• _EXERCISE OBJECTIVE_: Every line below from the one containing "InternalDataInterp2D/1 -> CoefficientsMux/4" to the final line must be reproduced exactly, and no other line may appear in the answer.

[EXTRACTED INFORMATION Boundary: Start]

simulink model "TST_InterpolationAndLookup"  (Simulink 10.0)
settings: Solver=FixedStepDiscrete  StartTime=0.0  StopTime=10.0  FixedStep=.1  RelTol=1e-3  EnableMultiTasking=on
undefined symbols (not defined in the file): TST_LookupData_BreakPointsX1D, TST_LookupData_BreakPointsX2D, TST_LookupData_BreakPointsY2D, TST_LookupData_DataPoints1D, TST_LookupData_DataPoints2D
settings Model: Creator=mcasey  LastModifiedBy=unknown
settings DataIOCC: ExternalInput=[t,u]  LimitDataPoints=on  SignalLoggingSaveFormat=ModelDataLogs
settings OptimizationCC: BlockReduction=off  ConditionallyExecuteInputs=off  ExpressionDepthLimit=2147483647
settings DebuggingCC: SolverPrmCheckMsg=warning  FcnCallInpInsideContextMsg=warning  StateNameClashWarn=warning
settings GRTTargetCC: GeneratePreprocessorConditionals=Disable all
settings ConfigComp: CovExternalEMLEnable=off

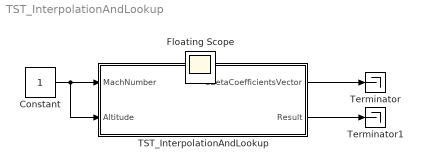
== system TST_InterpolationAndLookup ==
  Constant : Constant
  TST_InterpolationAndLookup : Subsystem  TreatAsAtomicUnit=on
  Terminator : Terminator
  Terminator1 : Terminator
  Floating Scope : Scope
  wires:
  Constant/1 -> TST_InterpolationAndLookup/1(MachNumber), TST_InterpolationAndLookup/2(Altitude)
  TST_InterpolationAndLookup/1(CBetaCoefficientsVector) -> Terminator/1
  TST_InterpolationAndLookup/2(Result) -> Terminator1/1

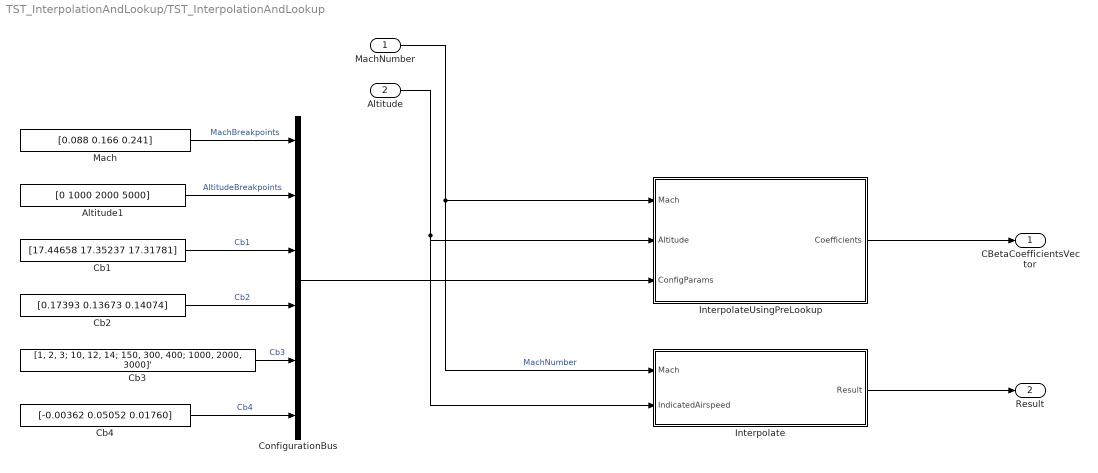
== system TST_InterpolationAndLookup/TST_InterpolationAndLookup ==
  MachNumber : Inport  OutDataTypeStr=double  PortDimensions=1
  Altitude : Inport  Port=2  OutDataTypeStr=double  PortDimensions=1
  Altitude1 : Constant  Value=[0 1000 2000 5000]
  Cb1 : Constant  Value=[17.44658 17.35237 17.31781]
  Cb2 : Constant  Value=[0.17393 0.13673 0.14074]
  Cb3 : Constant  Value=[1, 2, 3; 10, 12, 14; 150, 300, 400; 1000, 2000, 3000]'
  Cb4 : Constant  Value=[-0.00362 0.05052 0.01760]
  ConfigurationBus : BusCreator  Inputs=6
  Interpolate : Subsystem  TreatAsAtomicUnit=on
  InterpolateUsingPreLookup : Subsystem  TreatAsAtomicUnit=on
  Mach : Constant  Value=[0.088 0.166 0.241]
  CBetaCoefficientsVector : Outport  OutDataTypeStr=double  PortDimensions=4
  Result : Outport  Port=2  OutDataTypeStr=double  PortDimensions=1
  wires:
  Mach/1 -> ConfigurationBus/1  "MachBreakpoints"
  Altitude1/1 -> ConfigurationBus/2  "AltitudeBreakpoints"
  Cb1/1 -> ConfigurationBus/3  "Cb1"
  Cb2/1 -> ConfigurationBus/4  "Cb2"
  Cb3/1 -> ConfigurationBus/5  "Cb3"
  Cb4/1 -> ConfigurationBus/6  "Cb4"
  MachNumber/1 -> InterpolateUsingPreLookup/1(Mach), Interpolate/1(Mach)  "MachNumber"
  ConfigurationBus/1 -> InterpolateUsingPreLookup/3(ConfigParams)
  InterpolateUsingPreLookup/1(Coefficients) -> CBetaCoefficientsVector/1
  Altitude/1 -> InterpolateUsingPreLookup/2(Altitude), Interpolate/2(IndicatedAirspeed)
  Interpolate/1(Result) -> Result/1

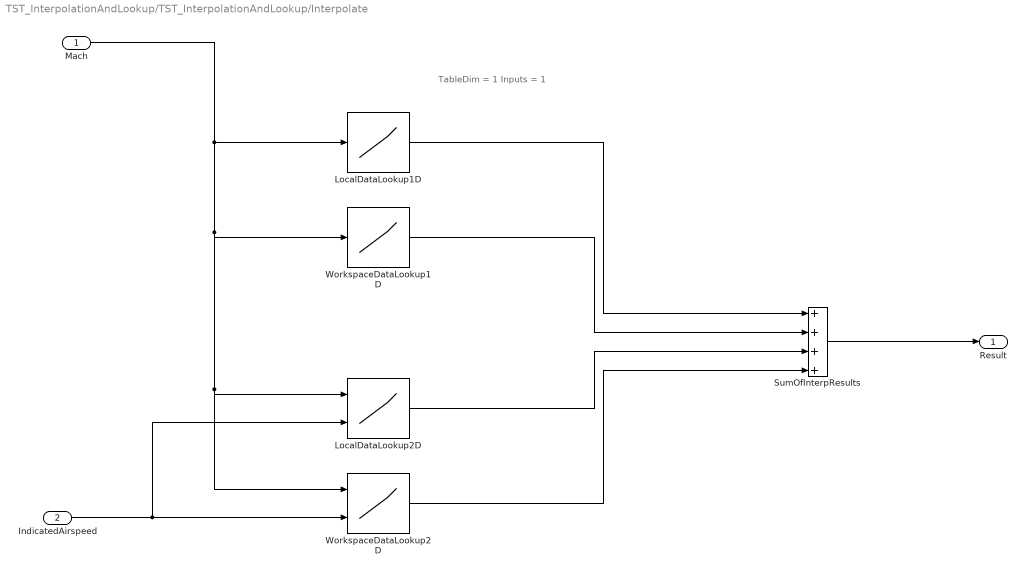
== system TST_InterpolationAndLookup/TST_InterpolationAndLookup/Interpolate ==
  note: TableDim = 1
      | Inputs = 1
  Mach : Inport
  IndicatedAirspeed : Inport  Port=2  OutDataTypeStr=double  PortDimensions=1
  LocalDataLookup1D : Lookup_n-D  NumberOfTableDimensions=1  BreakpointsForDimension1=[10 20 30]  Table=[1 2 3]  RndMeth=Simplest  InputSameDT=on
  LocalDataLookup2D : Lookup_n-D  BreakpointsForDimension1=[1 2 3 4]  BreakpointsForDimension2=[10 20 30]  Table=[1, 2, 3; 10, 20, 30; 25, 26, 27; 100, 200, 300]  RndMeth=Simplest  InputSameDT=on
  SumOfInterpResults : Sum  Inputs=++++
  WorkspaceDataLookup1D : Lookup_n-D  NumberOfTableDimensions=1  BreakpointsForDimension1=TST_LookupData_BreakPointsX1D  Table=TST_LookupData_DataPoints1D  RndMeth=Simplest  InputSameDT=on
  WorkspaceDataLookup2D : Lookup_n-D  BreakpointsForDimension1=TST_LookupData_BreakPointsY2D  BreakpointsForDimension2=TST_LookupData_BreakPointsX2D  Table=TST_LookupData_DataPoints2D  RndMeth=Simplest  InputSameDT=on
  Result : Outport
  wires:
  IndicatedAirspeed/1 -> WorkspaceDataLookup2D/2, LocalDataLookup2D/2
  Mach/1 -> LocalDataLookup1D/1, WorkspaceDataLookup1D/1, LocalDataLookup2D/1, WorkspaceDataLookup2D/1
  LocalDataLookup1D/1 -> SumOfInterpResults/1
  WorkspaceDataLookup1D/1 -> SumOfInterpResults/2
  WorkspaceDataLookup2D/1 -> SumOfInterpResults/4
  LocalDataLookup2D/1 -> SumOfInterpResults/3
  SumOfInterpResults/1 -> Result/1

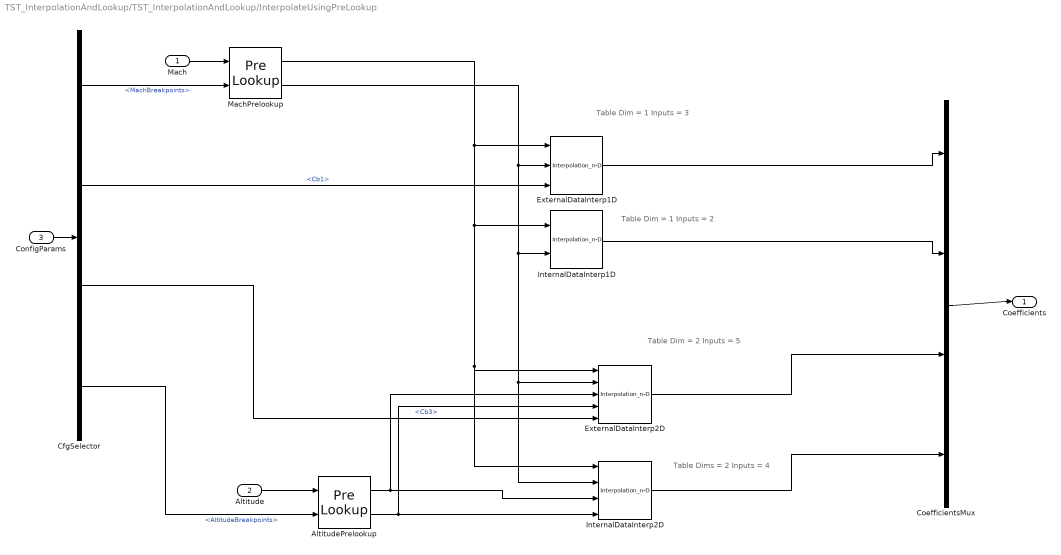
== system TST_InterpolationAndLookup/TST_InterpolationAndLookup/InterpolateUsingPreLookup ==
  note: Table Dim = 1
      | Inputs = 3
  note: Table Dim = 2
      | Inputs = 5
  note: Table Dim = 1
      | Inputs = 2
  note: Table Dims = 2
      | Inputs = 4
  Mach : Inport
  Altitude : Inport  Port=2  OutDataTypeStr=double  PortDimensions=1
  ConfigParams : Inport  Port=3
  AltitudePrelookup : PreLookup  BreakpointsDataSource=Input port  BreakpointsData=[10:10:110]  ExtrapMethod=Linear
      settings: InputPortMap=u0,p1
  CfgSelector : BusSelector  OutputSignals=MachBreakpoints,Cb1,Cb3,AltitudeBreakpoints
  CoefficientsMux : Mux
  ExternalDataInterp1D : Interpolation_n-D  NumberOfTableDimensions=1  TableSource=Input port  ExtrapMethod=Clip
      settings: InputPortMap=u0,u1,p2
  ExternalDataInterp2D : Interpolation_n-D  TableSource=Input port  ExtrapMethod=Clip
      settings: InputPortMap=u0,u1,u2,u3,p2
  InternalDataInterp1D : Interpolation_n-D  NumberOfTableDimensions=1  Table=[0.17393 0.13673 0.14074]  ExtrapMethod=Clip
      settings: InputPortMap=u0,u1
  InternalDataInterp2D : Interpolation_n-D  Table=[1, 2, 3; 10, 12, 14; 150, 300, 400; 1000, 2000, 3000]'  ExtrapMethod=Clip
  MachPrelookup : PreLookup  BreakpointsDataSource=Input port  BreakpointsData=[10:10:110]  ExtrapMethod=Linear
      settings: InputPortMap=u0,p1
  Coefficients : Outport
  wires:
  CfgSelector/1 -> MachPrelookup/2  "<MachBreakpoints>"
  InternalDataInterp1D/1 -> CoefficientsMux/2
  ExternalDataInterp1D/1 -> CoefficientsMux/1
  Mach/1 -> MachPrelookup/1
  ConfigParams/1 -> CfgSelector/1
  CoefficientsMux/1 -> Coefficients/1
  MachPrelookup/1 -> ExternalDataInterp1D/1, InternalDataInterp1D/1, InternalDataInterp2D/1, ExternalDataInterp2D/1
  MachPrelookup/2 -> ExternalDataInterp1D/2, InternalDataInterp1D/2, ExternalDataInterp2D/2, InternalDataInterp2D/2
  Altitude/1 -> AltitudePrelookup/1
  CfgSelector/2 -> ExternalDataInterp1D/3  "<Cb1>"
  CfgSelector/3 -> ExternalDataInterp2D/5  "<Cb3>"
  ExternalDataInterp2D/1 -> CoefficientsMux/3
  InternalDataInterp2D/1 -> CoefficientsMux/4
  CfgSelector/4 -> AltitudePrelookup/2  "<AltitudeBreakpoints>"
  AltitudePrelookup/2 -> InternalDataInterp2D/4, ExternalDataInterp2D/4
  AltitudePrelookup/1 -> InternalDataInterp2D/3, ExternalDataInterp2D/3

[EXTRACTED INFORMATION Boundary: End]

• _WRITTEN RESPONSE_:
  InternalDataInterp2D/1 -> CoefficientsMux/4
  CfgSelector/4 -> AltitudePrelookup/2  "<AltitudeBreakpoints>"
  AltitudePrelookup/2 -> InternalDataInterp2D/4, ExternalDataInterp2D/4
  AltitudePrelookup/1 -> InternalDataInterp2D/3, ExternalDataInterp2D/3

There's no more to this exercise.